Parents have made another shift in a single generation. While parents raising Millennials became famous for giving trophies or ribbons to their children just for participating, parents of Generation Z (often Millennial parents) have pushed their kids to the other extreme, driving them to compete at a high level from early ages.
In fact, parents take youth sports so seriously, it borders on unhealthy.
In June of 2019, a huge parent brawl broke out at a little league baseball game in Colorado. The game was between seven-year-old kids. A 13-year-old umpire called a player out for batting out
of order. Instead of discussing the issue, parents came out and began fist fighting. I watched the video footage and was embarrassed for these parents—both men and women—who threw
sucker punches at each other. The young players ran off the field in horror. What a miserable example these adults set for their children. It’s a new day.
And we don’t see what we’re doing to our kids.
Single Sport Athletes
Part of our obsession with athletic improvement is actually backfiring. Parents are pushing their child to focus on a single sport earlier and earlier in life. Gone are the days of pick-up basketball
games or free play time. Parents and kids are on a schedule and a plan. This had led to kids both getting injured and burning out.
New research from “two studies presented at the 2018 Annual Meeting of the American Academy of Orthopedic Surgeons (AAOS) demonstrated the substantial psychosocial impact parents can have on their children’s sports experience, as 54.7 percent of parents encouraged their children to specialize in a single sport. Additionally, the number of hours of vigorous activity was found to be a huge risk factor for injury, and for boys, both specialization and the number of hours per week were predictive of injury.” For example, this spring I met an 18-year old athlete who graduated high school in May. He’d just gotten injured which prevented him from playing his final year of sports before entering college. When I asked him if that was difficult, he replied with a smile, “It is for my parents. But me—I’m actually excited I get to stop and have a life. This was my ticket out.”
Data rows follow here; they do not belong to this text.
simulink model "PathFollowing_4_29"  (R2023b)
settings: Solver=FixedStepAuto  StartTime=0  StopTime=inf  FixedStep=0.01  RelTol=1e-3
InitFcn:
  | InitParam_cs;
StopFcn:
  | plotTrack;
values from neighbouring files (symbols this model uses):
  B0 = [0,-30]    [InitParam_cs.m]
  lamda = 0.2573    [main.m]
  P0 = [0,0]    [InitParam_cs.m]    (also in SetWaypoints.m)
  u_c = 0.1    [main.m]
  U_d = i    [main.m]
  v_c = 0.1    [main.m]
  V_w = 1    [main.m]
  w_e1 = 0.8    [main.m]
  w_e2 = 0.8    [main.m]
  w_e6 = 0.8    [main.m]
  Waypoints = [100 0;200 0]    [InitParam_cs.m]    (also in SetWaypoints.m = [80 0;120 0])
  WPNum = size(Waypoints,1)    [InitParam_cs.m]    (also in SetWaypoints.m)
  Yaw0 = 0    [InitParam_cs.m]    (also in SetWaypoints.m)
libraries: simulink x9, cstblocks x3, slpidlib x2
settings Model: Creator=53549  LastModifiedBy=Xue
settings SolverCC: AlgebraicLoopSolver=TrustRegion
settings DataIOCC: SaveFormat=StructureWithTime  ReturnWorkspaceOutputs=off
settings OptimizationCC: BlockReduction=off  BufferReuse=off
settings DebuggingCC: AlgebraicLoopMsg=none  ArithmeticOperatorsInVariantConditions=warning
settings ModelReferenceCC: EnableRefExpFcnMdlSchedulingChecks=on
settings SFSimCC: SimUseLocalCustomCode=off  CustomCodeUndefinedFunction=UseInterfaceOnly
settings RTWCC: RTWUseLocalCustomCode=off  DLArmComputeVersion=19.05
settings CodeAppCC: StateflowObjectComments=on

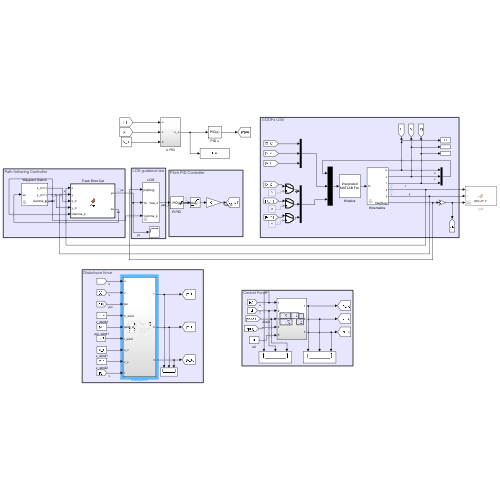
[thumbnail: Simulink's stored preview of the top-level diagram]
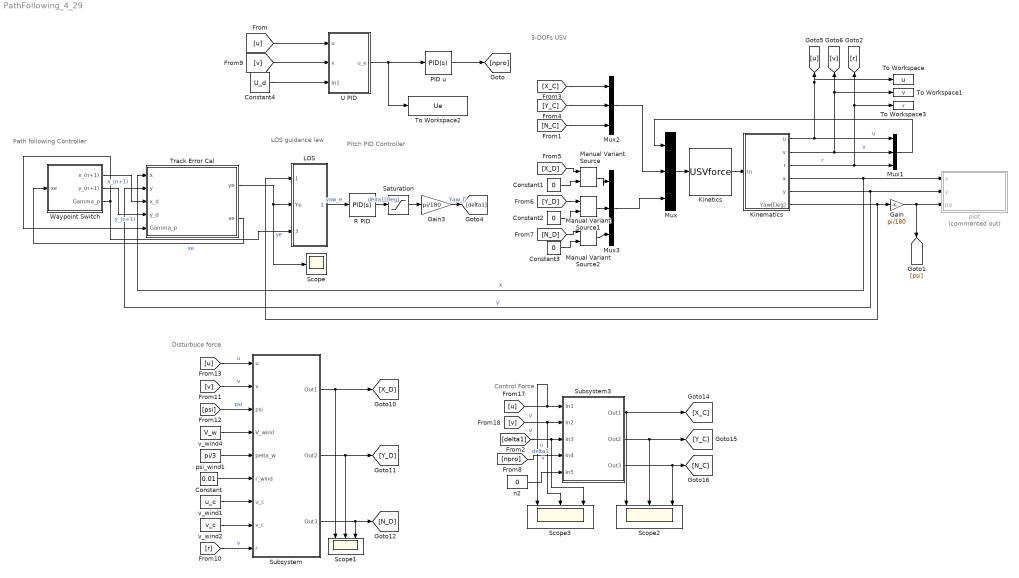
== system PathFollowing_4_29 ==
  note: LOS guidance law
  note: Disturbuce force
  note: v
  note: v
  note: Path following Controller
  note: 3-DOFs USV
  note: Control Force
  note: Pitch PID Controller
  Constant : Constant  Value=0.01
  Constant1 : Constant  Value=0
  Constant2 : Constant  Value=0
  Constant3 : Constant  Value=0
  Constant4 : Constant  Value=U_d
  Gain : Gain  Gain=pi/180
  Gain3 : Gain  Gain=pi/180
  "Kinematics " : Subsystem  mask{yawInit=Yaw0, u0=2, currentDir=45, currentVel=0.1}
      mask prompts: yawInit "Initial psi [Deg]"; u0 "Initial velocity [m/s]"; currentDir "current direction [Deg]"; currentVel "current velocity [m/s]"
      mask DialogControl DescGroupVar Prompt: Kinematics
      mask DialogControl DescTextVar Prompt: Set kinematics information: ASV initial state, flow disturance, etc
      mask DialogControl ParameterGroupVar Prompt: Initial state
      mask DialogControl Container3 Prompt: Flow
  Kinetics : MATLABFcn  MATLABFcn=USVforce  OutputDimensions=3  OutputSignalType=real
  LOS : Subsystem  mask{kp=260, ki=4, kd=25, losAlg=LOS, klos=4, KIlos=0}
      mask prompts: losAlg "Guidance Form"
      mask TypeOptions losAlg: LOS | ALOS
      mask DialogControl DescGroupVar Prompt: Path following control
      mask DialogControl DescTextVar Prompt: Please select the guidance law and set the parameters of heading autopilot and line of sight guidance.
      mask DialogControl ParameterGroupVar Prompt: Heading  Autopilot
      mask DialogControl Container3 Prompt: Guidance
  Manual Variant Source : simulink/Signal Routing/Manual Variant Source  NumChoices=2  LabelModeActiveChoice=V_1
  Manual Variant Source1 : simulink/Signal Routing/Manual Variant Source  NumChoices=2  LabelModeActiveChoice=V_1
  Manual Variant Source2 : simulink/Signal Routing/Manual Variant Source  NumChoices=2  LabelModeActiveChoice=V_1
  Mux{,1..3} (4 alike) : Mux  Inputs=3
  PID u : slpidlib/PID Controller  Controller=PID  Form=Parallel  TimeDomain=Continuous-time  UseExternalTs=off  SampleTime=-1  IntegratorMethod=Forward Euler  FilterMethod=Forward Euler  ControllerParametersSource=internal  P=1  I=1  UseKiTs=off  D=0  N=100  UseFilter=on  TunerSelectOption=Transfer Function Based (PID Tuner App)  InitialConditionSource=internal  InitialConditionForIntegrator=0  InitialConditionForFilter=0  DifferentiatorICPrevScaledInput=0  ExternalReset=none  TrackingMode=off  Kt=1  LimitOutput=off  SatLimitsSource=internal  UpperSaturationLimit=inf  LowerSaturationLimit=-inf  LinearizeAsGain=on  AntiWindupMode=none  Kb=1  LimitIntegrator=off  UpperIntegratorSaturationLimit=inf  LowerIntegratorSaturationLimit=-inf  POutMin=[]  POutMax=[]  IOutMin=[]  IOutMax=[]  DOutMin=[]  DOutMax=[]  NOutMin=[]  NOutMax=[]  SumOutMin=[]  SumOutMax=[]  SaturationOutMin=[]  SaturationOutMax=[]  PParamMin=[]  PParamMax=[]  IParamMin=[]  IParamMax=[]  DParamMin=[]  DParamMax=[]  NParamMin=[]  NParamMax=[]  KbParamMin=[]  KbParamMax=[]  KtParamMin=[]  KtParamMax=[]  KbOutMin=[]  KbOutMax=[]  KtOutMin=[]  KtOutMax=[]  IntegratorOutMin=[]  IntegratorOutMax=[]  FilterOutMin=[]  FilterOutMax=[]  SumI1OutMin=[]  SumI1OutMax=[]  SumI2OutMin=[]  SumI2OutMax=[]  SumI3OutMin=[]  SumI3OutMax=[]  SumI4OutMin=[]  SumI4OutMax=[]  SumDOutMin=[]  SumDOutMax=[]  DifferentiatorOutMin=[]  DifferentiatorOutMax=[]  FilterDiffOutCoefMin=[]  FilterDiffOutCoefMax=[]  ReciprocalOutMin=[]  ReciprocalOutMax=[]  SumDenOutMin=[]  SumDenOutMax=[]  SumNumOutMin=[]  SumNumOutMax=[]  DivideOutMin=[]  DivideOutMax=[]  UdiffTsProdOutMin=[]  UdiffTsProdOutMax=[]  NTsProdOutMin=[]  NTsProdOutMax=[]  UintegralTsProdOutMin=[]  UintegralTsProdOutMax=[]  UngainTsProdOutMin=[]  UngainTsProdOutMax=[]  ClampingZeroOutDataTypeStr=Inherit: Inherit via back propagation  ClampingZeroOutMin=[]  ClampingZeroOutMax=[]  FilterDenConstantOutDataTypeStr=Inherit: Inherit via back propagation  FilterDenConstantOutMin=[]  FilterDenConstantOutMax=[]  PCopyOutDataTypeStr=Inherit: Inherit via back propagation  PCopyOutMin=[]  PCopyOutMax=[]  NCopyOutDataTypeStr=Inherit: Inherit via back propagation  NCopyOutMin=[]  NCopyOutMax=[]  IntegratorContinuousStateAttributes=''  IntegratorStateMustResolveToSignalObject=off  IntegratorRTWStateStorageClass=Auto  FilterContinuousStateAttributes=''  FilterStateMustResolveToSignalObject=off  FilterRTWStateStorageClass=Auto  ParallelPVariant=InternalParameters  IdealPVariant=Disabled  IVariant=InternalParameters  DVariant=InternalParameters  IntegratorVariant=Continuous  SatVariant=Disabled  AWVariant=Passthrough  PCopyVariant=Disabled  TRVariant=Disabled  FdbkBlocksVariant=Forward  IdealPFdbkVariant=Disabled  SatFdbkVariant=Disabled  DerivativeFilterVariant=ContFilter  NVariant=InternalParameters  NCopyVariant=Disabled  FilterICVariant=InternalICsFilter  IntegratorICVariant=InternalICs  ExternalResetVariant=Disabled  TRSumVariant=Passthrough  SumFdbkVariant=Disabled  SumVariant=Sum_PID  TsampFilterVariant=InternalTs  TsampNgainVariant=Passthrough  TsampIntegralVariant=Disabled_SignalSpec  ExternalSaturationOutDataTypeStr=Inherit: Same as second input
  "R PID " : slpidlib/PID Controller  Controller=PID  Form=Parallel  TimeDomain=Continuous-time  UseExternalTs=off  SampleTime=-1  IntegratorMethod=Forward Euler  FilterMethod=Forward Euler  ControllerParametersSource=internal  P=250  I=4  UseKiTs=off  D=25  N=10  UseFilter=on  TunerSelectOption=Transfer Function Based (PID Tuner App)  InitialConditionSource=internal  InitialConditionForIntegrator=0  InitialConditionForFilter=0  DifferentiatorICPrevScaledInput=0  ExternalReset=none  TrackingMode=off  Kt=1  LimitOutput=on  SatLimitsSource=internal  UpperSaturationLimit=20  LowerSaturationLimit=-20  LinearizeAsGain=on  AntiWindupMode=none  Kb=1  LimitIntegrator=off  UpperIntegratorSaturationLimit=inf  LowerIntegratorSaturationLimit=-inf  POutMin=[]  POutMax=[]  IOutMin=[]  IOutMax=[]  DOutMin=[]  DOutMax=[]  NOutMin=[]  NOutMax=[]  SumOutMin=[]  SumOutMax=[]  SaturationOutMin=[]  SaturationOutMax=[]  PParamMin=[]  PParamMax=[]  IParamMin=[]  IParamMax=[]  DParamMin=[]  DParamMax=[]  NParamMin=[]  NParamMax=[]  KbParamMin=[]  KbParamMax=[]  KtParamMin=[]  KtParamMax=[]  KbOutMin=[]  KbOutMax=[]  KtOutMin=[]  KtOutMax=[]  IntegratorOutMin=[]  IntegratorOutMax=[]  FilterOutMin=[]  FilterOutMax=[]  SumI1OutMin=[]  SumI1OutMax=[]  SumI2OutMin=[]  SumI2OutMax=[]  SumI3OutMin=[]  SumI3OutMax=[]  SumI4OutMin=[]  SumI4OutMax=[]  SumDOutMin=[]  SumDOutMax=[]  DifferentiatorOutMin=[]  DifferentiatorOutMax=[]  FilterDiffOutCoefMin=[]  FilterDiffOutCoefMax=[]  ReciprocalOutMin=[]  ReciprocalOutMax=[]  SumDenOutMin=[]  SumDenOutMax=[]  SumNumOutMin=[]  SumNumOutMax=[]  DivideOutMin=[]  DivideOutMax=[]  UdiffTsProdOutMin=[]  UdiffTsProdOutMax=[]  NTsProdOutMin=[]  NTsProdOutMax=[]  UintegralTsProdOutMin=[]  UintegralTsProdOutMax=[]  UngainTsProdOutMin=[]  UngainTsProdOutMax=[]  ClampingZeroOutDataTypeStr=Inherit: Inherit via back propagation  ClampingZeroOutMin=[]  ClampingZeroOutMax=[]  FilterDenConstantOutDataTypeStr=Inherit: Inherit via back propagation  FilterDenConstantOutMin=[]  FilterDenConstantOutMax=[]  PCopyOutDataTypeStr=Inherit: Inherit via back propagation  PCopyOutMin=[]  PCopyOutMax=[]  NCopyOutDataTypeStr=Inherit: Inherit via back propagation  NCopyOutMin=[]  NCopyOutMax=[]  IntegratorContinuousStateAttributes=''  IntegratorStateMustResolveToSignalObject=off  IntegratorRTWStateStorageClass=Auto  FilterContinuousStateAttributes=''  FilterStateMustResolveToSignalObject=off  FilterRTWStateStorageClass=Auto  ParallelPVariant=InternalParameters  IdealPVariant=Disabled  IVariant=InternalParameters  DVariant=InternalParameters  IntegratorVariant=Continuous  SatVariant=Enabled  AWVariant=Passthrough  PCopyVariant=Disabled  TRVariant=Disabled  FdbkBlocksVariant=Forward  IdealPFdbkVariant=Disabled  SatFdbkVariant=Disabled  DerivativeFilterVariant=ContFilter  NVariant=InternalParameters  NCopyVariant=Disabled  FilterICVariant=InternalICsFilter  IntegratorICVariant=InternalICs  ExternalResetVariant=Disabled  TRSumVariant=Passthrough  SumFdbkVariant=Disabled  SumVariant=Sum_PID  TsampFilterVariant=InternalTs  TsampNgainVariant=Passthrough  TsampIntegralVariant=Disabled_SignalSpec  ExternalSaturationOutDataTypeStr=Inherit: Same as second input
  Saturation : Saturate  UpperLimit=60  LowerLimit=-60
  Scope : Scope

Wow. That teen just said a mouthful.
The AAOS says, “Sports specialization in youth is defined as engaging in a sport for at least three seasons a year at the exclusion of other sports, and early sports specialization occurs in children
under the age of 12. Although physical activity is beneficial for overall health, sports specialization can increase the risk of injury and burnout, and decrease enjoyment due to excessive training. It also decreases an athlete’s ability to cross train and gain physical benefits from other sports.”
A Ticking Time Bomb
In the Los Angeles Lakers players’ lounge, head strength and conditioning coach Tim DiFrancesco studies the facts surrounding so many injuries he sees in young athletes. He thinks to himself: These kids are ticking time bombs. “I understand I shouldn’t use a broad brush to criticize the entire AAU system, because parts of it are excellent,” Tim says. “But also parts of it are very broken, especially [as it] relates to injuries in the league. What we’re seeing is a rash of injuries among young players.”
Are we creating ticking time bombs instead of well-rounded young athletes?
What he and other performance specialists, doctors and psychologists are spotting are what parents and athletes may not want to spot. The data on rookie injuries in the NBA is clear and scary. They’ve been pushed to the point of danger. An obsession with one sport, is not healthy at a young age. The Netherlands, by contrast, doesn’t encourage kids to focus on one sport until their late teenage years. And guess what? They’ve done quite well on the world stage, finishing fifth in medals at the last Winter Olympic Games and going all the way to the finals in the Women’s World Cup. Norway has actually adopted regulations to limit coaches working with kids prior to their teenage years. Norway finished first in medals at the last Winter Olympic games. Those adolescents are mentally and emotionally stronger because they’re not obsessing so early in life.
How Do We Respond?
Let me offer four common sense action steps to coaches and parents here:
1. Push them to play hard, but to be well-rounded through 16-years-old.
2. Encourage them to be two-sport athletes, even after they focus their skills.
3. Help them limit phone time to two-hours daily and to get out and socialize.
4. Equip them to excel at one other skill (or hobby) minimally through college.
“Culturally, we have found that parents have unrealistic expectations for their children to play collegiately or professionally and as a result, they invest in private lessons, trainers or personal
coaches to help their kids,” explains Dr. Charles Popkin, from Columbia University. “When you’re investing this amount of time and resources, there can be unwritten, indirect pressure from parents to specialize.”
I am meeting more and more Division One coaches who recruit two sport athletes because they want emotionally healthy players. Makes sense to me.